[Collected data entries]

----

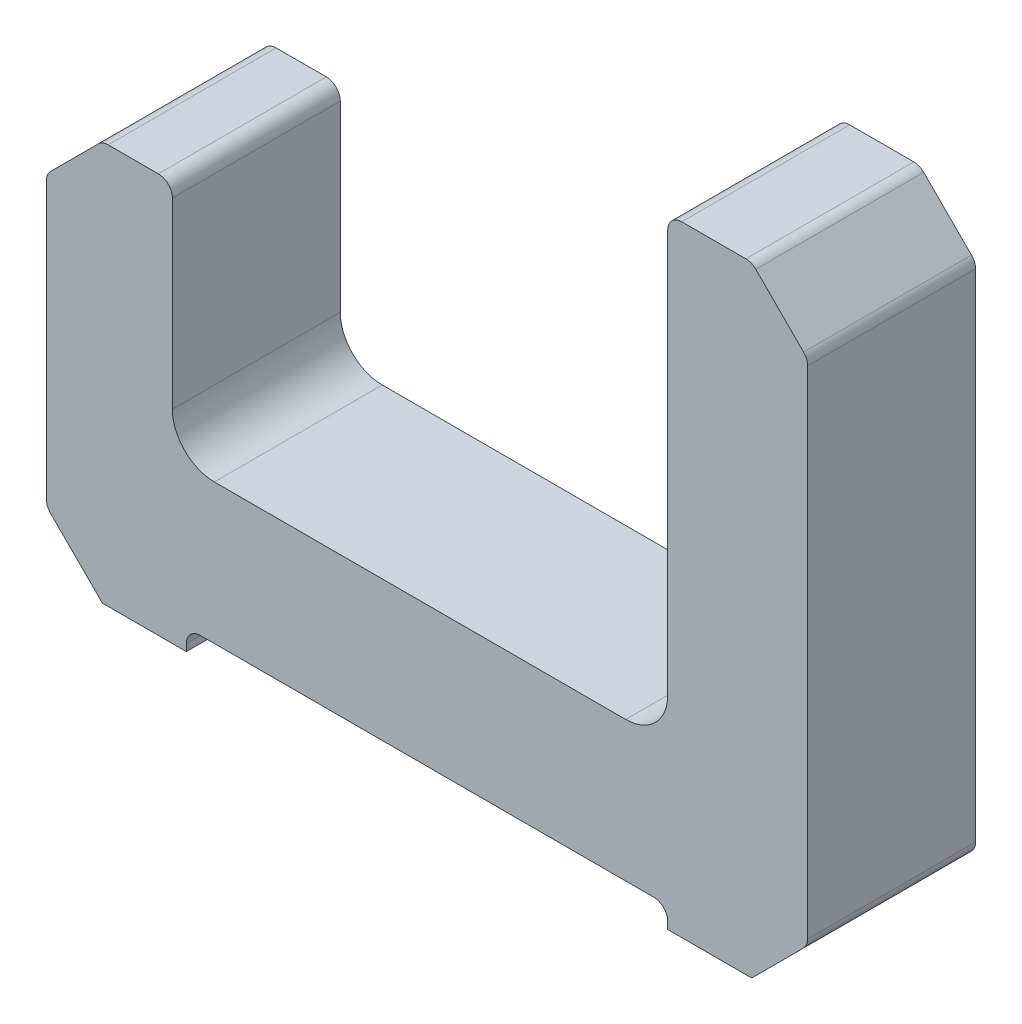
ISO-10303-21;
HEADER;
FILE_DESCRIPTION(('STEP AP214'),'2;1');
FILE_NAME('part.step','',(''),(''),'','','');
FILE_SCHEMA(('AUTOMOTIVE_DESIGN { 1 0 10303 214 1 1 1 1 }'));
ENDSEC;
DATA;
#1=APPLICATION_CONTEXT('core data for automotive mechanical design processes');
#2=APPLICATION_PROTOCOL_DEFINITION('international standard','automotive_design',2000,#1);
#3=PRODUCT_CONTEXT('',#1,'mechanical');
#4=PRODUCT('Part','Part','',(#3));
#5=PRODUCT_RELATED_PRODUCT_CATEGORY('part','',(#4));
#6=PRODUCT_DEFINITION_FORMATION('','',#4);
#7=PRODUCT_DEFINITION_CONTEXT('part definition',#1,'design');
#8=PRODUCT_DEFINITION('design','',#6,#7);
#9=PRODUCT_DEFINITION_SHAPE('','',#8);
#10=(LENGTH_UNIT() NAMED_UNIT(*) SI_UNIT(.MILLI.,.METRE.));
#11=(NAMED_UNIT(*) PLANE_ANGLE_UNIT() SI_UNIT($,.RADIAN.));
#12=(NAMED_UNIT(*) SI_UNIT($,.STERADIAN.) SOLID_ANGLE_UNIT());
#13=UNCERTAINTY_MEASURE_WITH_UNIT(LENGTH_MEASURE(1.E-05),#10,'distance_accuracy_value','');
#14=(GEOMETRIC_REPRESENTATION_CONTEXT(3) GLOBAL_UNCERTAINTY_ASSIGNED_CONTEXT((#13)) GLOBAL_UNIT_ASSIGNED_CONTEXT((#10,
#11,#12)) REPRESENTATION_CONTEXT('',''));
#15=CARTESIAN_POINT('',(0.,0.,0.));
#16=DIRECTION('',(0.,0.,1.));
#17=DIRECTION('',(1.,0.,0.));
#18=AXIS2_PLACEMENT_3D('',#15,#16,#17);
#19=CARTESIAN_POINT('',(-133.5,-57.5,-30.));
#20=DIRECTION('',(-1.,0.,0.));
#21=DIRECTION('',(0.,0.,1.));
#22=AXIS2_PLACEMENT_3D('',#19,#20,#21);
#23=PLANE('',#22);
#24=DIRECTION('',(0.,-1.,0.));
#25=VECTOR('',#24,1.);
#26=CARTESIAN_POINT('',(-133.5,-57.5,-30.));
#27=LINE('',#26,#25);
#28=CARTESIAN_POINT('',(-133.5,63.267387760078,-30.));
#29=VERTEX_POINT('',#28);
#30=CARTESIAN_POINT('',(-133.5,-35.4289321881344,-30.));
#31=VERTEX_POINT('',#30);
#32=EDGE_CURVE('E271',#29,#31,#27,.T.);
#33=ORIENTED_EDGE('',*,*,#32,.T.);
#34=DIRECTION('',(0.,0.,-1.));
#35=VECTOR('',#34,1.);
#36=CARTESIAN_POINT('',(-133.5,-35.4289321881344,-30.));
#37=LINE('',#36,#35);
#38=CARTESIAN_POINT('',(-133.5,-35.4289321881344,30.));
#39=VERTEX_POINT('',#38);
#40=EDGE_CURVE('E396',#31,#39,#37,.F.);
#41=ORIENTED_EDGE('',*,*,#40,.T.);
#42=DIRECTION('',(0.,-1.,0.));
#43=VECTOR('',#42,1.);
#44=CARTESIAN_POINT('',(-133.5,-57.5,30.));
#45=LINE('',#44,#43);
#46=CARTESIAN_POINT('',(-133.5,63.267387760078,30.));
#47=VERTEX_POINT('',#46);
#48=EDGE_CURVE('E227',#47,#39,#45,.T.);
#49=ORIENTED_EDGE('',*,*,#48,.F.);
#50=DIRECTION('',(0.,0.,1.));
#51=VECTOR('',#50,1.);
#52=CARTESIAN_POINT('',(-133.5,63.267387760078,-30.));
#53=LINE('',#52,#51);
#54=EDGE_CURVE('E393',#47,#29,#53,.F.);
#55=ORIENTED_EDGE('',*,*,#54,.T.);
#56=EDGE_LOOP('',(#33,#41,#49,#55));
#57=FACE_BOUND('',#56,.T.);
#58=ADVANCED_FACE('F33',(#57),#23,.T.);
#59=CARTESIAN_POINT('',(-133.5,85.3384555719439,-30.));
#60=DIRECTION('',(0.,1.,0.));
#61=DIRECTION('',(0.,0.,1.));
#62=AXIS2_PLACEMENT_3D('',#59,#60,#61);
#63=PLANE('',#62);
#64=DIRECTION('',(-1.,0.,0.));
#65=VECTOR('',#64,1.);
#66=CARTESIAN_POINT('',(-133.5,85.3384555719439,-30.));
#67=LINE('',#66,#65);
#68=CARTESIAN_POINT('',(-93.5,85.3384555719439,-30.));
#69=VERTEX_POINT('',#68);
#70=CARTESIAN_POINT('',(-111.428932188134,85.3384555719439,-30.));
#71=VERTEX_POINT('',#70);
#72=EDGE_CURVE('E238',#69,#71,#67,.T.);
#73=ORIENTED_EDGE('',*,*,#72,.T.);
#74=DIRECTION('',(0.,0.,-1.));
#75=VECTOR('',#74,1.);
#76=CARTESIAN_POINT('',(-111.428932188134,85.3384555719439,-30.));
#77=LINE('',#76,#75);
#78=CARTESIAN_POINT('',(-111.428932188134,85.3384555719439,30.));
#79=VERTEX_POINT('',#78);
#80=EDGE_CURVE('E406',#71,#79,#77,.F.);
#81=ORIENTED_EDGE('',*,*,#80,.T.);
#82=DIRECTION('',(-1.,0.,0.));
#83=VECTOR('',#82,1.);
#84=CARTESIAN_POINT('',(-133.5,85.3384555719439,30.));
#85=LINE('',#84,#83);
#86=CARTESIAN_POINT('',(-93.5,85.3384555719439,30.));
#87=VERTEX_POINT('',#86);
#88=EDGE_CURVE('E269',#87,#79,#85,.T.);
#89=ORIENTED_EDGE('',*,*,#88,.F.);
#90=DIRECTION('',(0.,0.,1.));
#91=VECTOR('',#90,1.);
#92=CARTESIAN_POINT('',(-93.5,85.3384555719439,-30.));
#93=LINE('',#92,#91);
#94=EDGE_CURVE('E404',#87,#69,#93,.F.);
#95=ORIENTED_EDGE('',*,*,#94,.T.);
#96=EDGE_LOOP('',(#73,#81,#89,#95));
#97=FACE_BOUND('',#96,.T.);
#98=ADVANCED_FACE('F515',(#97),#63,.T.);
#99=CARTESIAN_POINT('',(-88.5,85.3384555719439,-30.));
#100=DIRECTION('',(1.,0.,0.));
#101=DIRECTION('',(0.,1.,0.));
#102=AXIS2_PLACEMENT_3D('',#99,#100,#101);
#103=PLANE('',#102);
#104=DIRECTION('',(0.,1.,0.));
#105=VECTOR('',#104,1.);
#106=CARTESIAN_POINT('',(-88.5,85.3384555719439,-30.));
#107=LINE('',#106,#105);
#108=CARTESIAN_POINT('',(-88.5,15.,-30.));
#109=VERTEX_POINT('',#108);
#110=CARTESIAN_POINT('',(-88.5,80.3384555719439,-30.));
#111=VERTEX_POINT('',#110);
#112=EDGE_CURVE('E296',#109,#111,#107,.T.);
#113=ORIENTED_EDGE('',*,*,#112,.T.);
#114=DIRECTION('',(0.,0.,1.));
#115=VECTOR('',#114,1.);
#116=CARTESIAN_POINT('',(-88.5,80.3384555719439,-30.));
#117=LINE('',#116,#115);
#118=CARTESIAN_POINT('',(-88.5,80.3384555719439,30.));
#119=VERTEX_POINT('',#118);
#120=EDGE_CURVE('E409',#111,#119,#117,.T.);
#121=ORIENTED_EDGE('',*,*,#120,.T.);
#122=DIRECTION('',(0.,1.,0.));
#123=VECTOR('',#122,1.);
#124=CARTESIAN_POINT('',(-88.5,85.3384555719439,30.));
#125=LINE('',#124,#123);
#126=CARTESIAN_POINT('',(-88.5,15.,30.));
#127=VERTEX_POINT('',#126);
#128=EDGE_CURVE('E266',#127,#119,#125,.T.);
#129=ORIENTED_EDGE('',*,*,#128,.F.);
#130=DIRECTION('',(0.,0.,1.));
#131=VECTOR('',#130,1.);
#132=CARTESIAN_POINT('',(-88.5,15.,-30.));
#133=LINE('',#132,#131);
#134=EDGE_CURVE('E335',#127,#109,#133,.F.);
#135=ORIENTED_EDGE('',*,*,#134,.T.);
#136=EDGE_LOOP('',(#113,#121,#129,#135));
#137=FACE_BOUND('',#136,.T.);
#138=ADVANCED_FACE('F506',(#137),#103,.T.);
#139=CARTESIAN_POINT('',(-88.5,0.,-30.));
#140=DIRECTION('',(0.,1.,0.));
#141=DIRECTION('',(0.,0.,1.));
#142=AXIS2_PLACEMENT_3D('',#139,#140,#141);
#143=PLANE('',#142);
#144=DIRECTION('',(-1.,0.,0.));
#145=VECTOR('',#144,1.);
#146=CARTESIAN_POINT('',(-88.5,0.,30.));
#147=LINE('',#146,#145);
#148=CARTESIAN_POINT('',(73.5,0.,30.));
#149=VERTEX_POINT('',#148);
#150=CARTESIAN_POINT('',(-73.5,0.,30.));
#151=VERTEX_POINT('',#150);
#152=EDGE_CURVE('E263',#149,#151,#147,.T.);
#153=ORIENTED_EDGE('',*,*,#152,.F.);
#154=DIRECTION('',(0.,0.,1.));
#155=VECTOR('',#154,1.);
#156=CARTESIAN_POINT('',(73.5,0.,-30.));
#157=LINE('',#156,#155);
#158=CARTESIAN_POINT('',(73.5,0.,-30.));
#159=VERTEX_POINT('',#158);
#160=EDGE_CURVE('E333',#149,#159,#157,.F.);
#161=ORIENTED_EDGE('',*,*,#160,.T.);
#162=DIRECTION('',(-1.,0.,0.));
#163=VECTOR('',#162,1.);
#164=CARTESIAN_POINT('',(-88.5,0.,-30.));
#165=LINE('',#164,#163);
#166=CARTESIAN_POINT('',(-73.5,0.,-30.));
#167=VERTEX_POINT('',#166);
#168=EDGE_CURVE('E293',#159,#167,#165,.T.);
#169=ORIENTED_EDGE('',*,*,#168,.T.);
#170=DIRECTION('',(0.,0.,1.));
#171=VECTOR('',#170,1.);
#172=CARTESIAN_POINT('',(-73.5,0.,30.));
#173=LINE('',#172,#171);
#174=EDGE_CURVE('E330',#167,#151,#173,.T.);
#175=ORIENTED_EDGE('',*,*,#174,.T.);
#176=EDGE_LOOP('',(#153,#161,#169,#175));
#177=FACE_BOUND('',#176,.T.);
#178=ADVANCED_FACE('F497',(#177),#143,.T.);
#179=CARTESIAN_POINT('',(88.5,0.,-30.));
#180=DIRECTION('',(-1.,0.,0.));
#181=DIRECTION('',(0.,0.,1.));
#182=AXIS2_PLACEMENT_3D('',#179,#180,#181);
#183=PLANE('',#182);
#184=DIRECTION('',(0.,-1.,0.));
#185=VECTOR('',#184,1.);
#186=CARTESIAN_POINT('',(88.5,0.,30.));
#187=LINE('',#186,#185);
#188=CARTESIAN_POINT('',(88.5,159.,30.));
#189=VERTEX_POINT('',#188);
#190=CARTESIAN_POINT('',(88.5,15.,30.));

----

● Task description: All that is wanted is the stretch of lines above from the one containing "#90=DIRECTION('',(0.,0.,1.));" through the one containing "#148=CARTESIAN_POINT('',(73.5,0.,30.));", duplicated exactly.

● Answer:
#90=DIRECTION('',(0.,0.,1.));
#91=VECTOR('',#90,1.);
#92=CARTESIAN_POINT('',(-93.5,85.3384555719439,-30.));
#93=LINE('',#92,#91);
#94=EDGE_CURVE('E404',#87,#69,#93,.F.);
#95=ORIENTED_EDGE('',*,*,#94,.T.);
#96=EDGE_LOOP('',(#73,#81,#89,#95));
#97=FACE_BOUND('',#96,.T.);
#98=ADVANCED_FACE('F515',(#97),#63,.T.);
#99=CARTESIAN_POINT('',(-88.5,85.3384555719439,-30.));
#100=DIRECTION('',(1.,0.,0.));
#101=DIRECTION('',(0.,1.,0.));
#102=AXIS2_PLACEMENT_3D('',#99,#100,#101);
#103=PLANE('',#102);
#104=DIRECTION('',(0.,1.,0.));
#105=VECTOR('',#104,1.);
#106=CARTESIAN_POINT('',(-88.5,85.3384555719439,-30.));
#107=LINE('',#106,#105);
#108=CARTESIAN_POINT('',(-88.5,15.,-30.));
#109=VERTEX_POINT('',#108);
#110=CARTESIAN_POINT('',(-88.5,80.3384555719439,-30.));
#111=VERTEX_POINT('',#110);
#112=EDGE_CURVE('E296',#109,#111,#107,.T.);
#113=ORIENTED_EDGE('',*,*,#112,.T.);
#114=DIRECTION('',(0.,0.,1.));
#115=VECTOR('',#114,1.);
#116=CARTESIAN_POINT('',(-88.5,80.3384555719439,-30.));
#117=LINE('',#116,#115);
#118=CARTESIAN_POINT('',(-88.5,80.3384555719439,30.));
#119=VERTEX_POINT('',#118);
#120=EDGE_CURVE('E409',#111,#119,#117,.T.);
#121=ORIENTED_EDGE('',*,*,#120,.T.);
#122=DIRECTION('',(0.,1.,0.));
#123=VECTOR('',#122,1.);
#124=CARTESIAN_POINT('',(-88.5,85.3384555719439,30.));
#125=LINE('',#124,#123);
#126=CARTESIAN_POINT('',(-88.5,15.,30.));
#127=VERTEX_POINT('',#126);
#128=EDGE_CURVE('E266',#127,#119,#125,.T.);
#129=ORIENTED_EDGE('',*,*,#128,.F.);
#130=DIRECTION('',(0.,0.,1.));
#131=VECTOR('',#130,1.);
#132=CARTESIAN_POINT('',(-88.5,15.,-30.));
#133=LINE('',#132,#131);
#134=EDGE_CURVE('E335',#127,#109,#133,.F.);
#135=ORIENTED_EDGE('',*,*,#134,.T.);
#136=EDGE_LOOP('',(#113,#121,#129,#135));
#137=FACE_BOUND('',#136,.T.);
#138=ADVANCED_FACE('F506',(#137),#103,.T.);
#139=CARTESIAN_POINT('',(-88.5,0.,-30.));
#140=DIRECTION('',(0.,1.,0.));
#141=DIRECTION('',(0.,0.,1.));
#142=AXIS2_PLACEMENT_3D('',#139,#140,#141);
#143=PLANE('',#142);
#144=DIRECTION('',(-1.,0.,0.));
#145=VECTOR('',#144,1.);
#146=CARTESIAN_POINT('',(-88.5,0.,30.));
#147=LINE('',#146,#145);
#148=CARTESIAN_POINT('',(73.5,0.,30.));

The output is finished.